Under this line are the records; write out word for word the part that begins at the line containing "Part Number: shaft" and ends at the line containing "Autodesk Inventor part; units mm, degrees", and no more.
BEGIN Information supplied
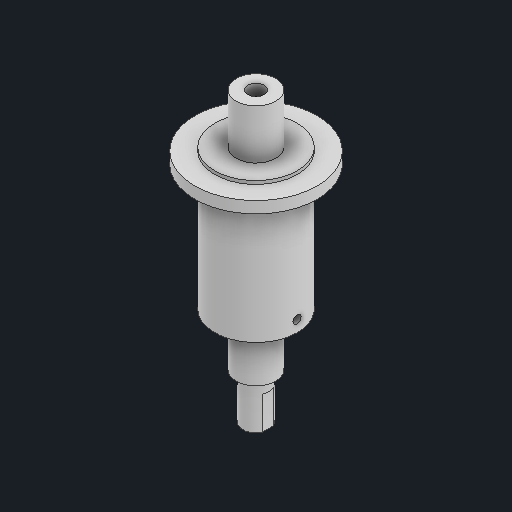
# Autodesk Inventor part: shaft
Saved by Autodesk Inventor 2025.2 (Build 292293000, 293)
## iProperties
Created: 2025-04-19
Part Number: shaft
Material: Generic
Document SubType Name: Modeling
Designer: klawy
Density: 1 g/cm^3
Appearance: Default
Mass: 21.1173 g
Surface Area: 80.0172 cm^2
Volume: 21.1173 cm^3
Author: klawy
Autodesk Inventor part; units mm, degrees
ref_plane "XZ Plane" through (0, 0, 0) normal (0, 1, 0) x (-1, 0, 0)
ref_plane "XY Plane" through (0, 0, 0) normal (0, 0, 1) x (1, 0, 0)
sketch "Sketch1" plane through (0, 0, 0) normal (0, 0, 1) x (1, 0, 0)
  line L0 (0, -17.5) -> (8.5, -17.5)
  line L1 (8.5, -17.5) -> (8.5, 17.5)
  line L2 (8.5, 17.5) -> (0, 17.5)
  line L3 (0, 17.5) -> (0, -17.5)
  line L4 (8.5, 11.5) -> (18.5, 11.5)
  line L5 (18.5, 11.5) -> (18.5, 9)
  line L6 (18.5, 9) -> (8.5, 9)
  line L7 (8.5, 9) -> (8.5, 11.5)
  line L8 (18.5, 9) -> (15.5, 9)
  line L9 (15.5, 9) -> (15.5, 8)
  line L10 (15.5, 8) -> (18.5, 8)
  line L11 (18.5, 8) -> (18.5, 9)
  line L12 (0, -24.5) -> (0, 24.5) construction
  line L13 (8.5, -17.5) -> (12.5, -17.5)
  line L14 (12.5, -17.5) -> (12.5, 9)
  line L15 (12.5, 9) -> (8.5, 9)
  line L16 (8.5, 9) -> (8.5, -17.5)
  line L17 (8.5, 11.5) -> (6, 11.5)
  line L18 (6, 11.5) -> (6, 17.5)
  point P0 (0, 0)
  point P1 (0, 0)
  point P2 (8.5, 9)
  dimension "d0" = 35
  dimension "d1" = 8.5
  dimension "d2" = 10
  dimension "d3" = 2.5
  dimension "d4" = 6
  dimension "d5" = 3
  dimension "d6" = 1
  dimension "d32" = 4
  dimension "d69" = 6
  constraints: 36 end point, 8 parallel, 5 horizontal, 5 perpendicular, 3 point on line, 2 coincident, 1 midpoint
  measures "d0" distance of L0.end L1.end
  measures "d1" distance of L1.end L2.end
  measures "d2" distance between parallel lines of L1 L5
  measures "d3" distance between parallel lines of L4 L6
  measures "d4" distance between parallel lines of L2 L4
  measures "d5" distance between parallel lines of L11 L9
  measures "d6" distance from line of L5.end L10
  measures "d32" distance between parallel lines of L1 L14
  measures "d69" distance between parallel lines of L18 L3
revolve "Revolution1" add sketch "Sketch1" angle 360 about axis through (0, -10, 0) along (0, 1, 0) contours L3 L2 L18 L17 L1 L0 | L1 L6 L14 L13 | L1 L4 L5 L6 | L6 L11 L10 L9
sketch "Sketch3" plane through (0, -17.5, 0) normal (0, -1, 0) x (1, 0, 0)
  circle A0 centre (0, 0) radius 12.5 projected
extrude "Extrusion1" add sketch "Sketch3" along normal blind 12.5
sketch "Sketch4" plane through (0, -30, 0) normal (0, -1, 0) x (1, 0, 0)
  circle A0 centre (0, 0) radius 4
  circle A1 centre (0, 0) radius 12.5 projected
  dimension "d24" = 8
  constraints: 2 coincident, 1 centre point
  measures "d24" diameter of A0
extrude "Extrusion2" add sketch "Sketch4" along normal blind 29.75 contours A0
sketch "Sketch5" plane through (0, 17.5, 0) normal (0, 1, 0) x (1, 0, 0)
  circle A0 centre (0, 0) radius 6 projected
extrude "Extrusion3" add sketch "Sketch5" along normal blind 10
sketch "Sketch6" plane through (0, 11.5, 0) normal (0, 1, 0) x (1, 0, 0)
  circle A0 centre (0, 0) radius 2.621 projected
  circle A1 centre (0, 0) radius 12.5
  circle A2 centre (0, 0) radius 6 projected
  dimension "d29" = 25
  constraints: 1 centre point, 1 coincident
  measures "d29" diameter of A1
extrude "Extrusion4" add sketch "Sketch6" along normal blind 1 contours A0 | A1 | A2
sketch "Sketch7" plane through (0, 27.5, 0) normal (0, 1, 0) x (1, 0, 0)
  point P0 (0, 0)
  point P1 (0, 0)
  constraints: 1 coincident
hole "Hole2" at (0, 27.5, 0) direction (0, -1, 0) diameter 3.242 end through all thread size "M4x0.7" class "6H" standard "ISO Metric profile"
sketch "Sketch8" plane through (0, 27.5, 0) normal (0, 1, 0) x (1, 0, 0)
  circle A0 centre (0, 0) radius 2.5
  dimension "d41" = 5
  constraints: 1 centre point, 1 coincident
  measures "d41" diameter of A0
extrude "Extrusion5" cut sketch "Sketch8" against normal blind 10
sketch "Sketch9" plane through (0, -59.75, 0) normal (0, -1, 0) x (1, 0, 0)
  circle A0 centre (0, 0) radius 2.5
  dimension "d44" = 5
  constraints: 1 centre point, 1 coincident
  measures "d44" diameter of A0
extrude "Extrusion6" cut sketch "Sketch9" against normal blind 50
chamfer "Chamfer3" distance 0.5 angle 30 1 edges at (0, -9.75, -1.621) measured on face at (2.1788, -9.75, -0.2646)
chamfer "Chamfer4" distance 0.5 angle 30 1 edges at (0, 17.5, -1.621) measured on face at (2.1788, 17.5, 0.2646)
ref_plane "Work Plane1" through (12.5, 0, 0) normal (1, 0, 0) x (0, 1, 0)
sketch "Sketch10" plane through (12.5, 0, 0) normal (1, 0, 0) x (0, 1, 0)
  line L0 (27.5, -8.5) -> (27.5, 8.5) projected
  line L1 (-37.3, 0) -> (38.3, 0) projected
  point P0 (0, 0)
  point P1 (-26.5, 0)
  dimension "d54" = 54
  constraints: 1 point on line
  measures "d54" distance from line of point (-26.5, 0) L0
hole "Hole3" at (12.5, -26.5, 0) direction (-1, 0, 0) diameter 2.459 depth 8.8 tip angle 118 thread size "M3x0.5" class "6H" standard "ISO Metric profile"
sketch "Sketch11" plane through (0, -59.75, 0) normal (0, -1, 0) x (1, 0, 0)
  circle A0 centre (0, 0) radius 2.5 projected
  circle A1 centre (0, 0) radius 4 projected
  line L0 (3.6, -1.7436) -> (3.6, 1.7436)
  point P0 (3.6, 0)
  dimension "d65" = 3.6
  constraints: 2 end point, 2 point on circle, 1 midpoint, 1 vertical
  measures "d65" distance from line of L0 point (0, 0)
extrude "Extrusion7" cut sketch "Sketch11" against normal blind 10 contours A0 | A1 L0 picked at (3.6735, -0.3949)
sketch "Sketch12" plane through (0, -30, 0) normal (0, -1, 0) x (1, 0, 0)
  circle A0 centre (0, 0) radius 6
  circle A1 centre (0, 0) radius 2.5 projected
  dimension "d66" = 12
  constraints: 1 centre point, 1 coincident
  measures "d66" diameter of A0
extrude "Extrusion8" add sketch "Sketch12" along normal blind 16
body "Solid1"
END Information supplied
Task answer:
Part Number: shaft
Material: Generic
Document SubType Name: Modeling
Designer: klawy
Density: 1 g/cm^3
Appearance: Default
Mass: 21.1173 g
Surface Area: 80.0172 cm^2
Volume: 21.1173 cm^3
Author: klawy
Autodesk Inventor part; units mm, degrees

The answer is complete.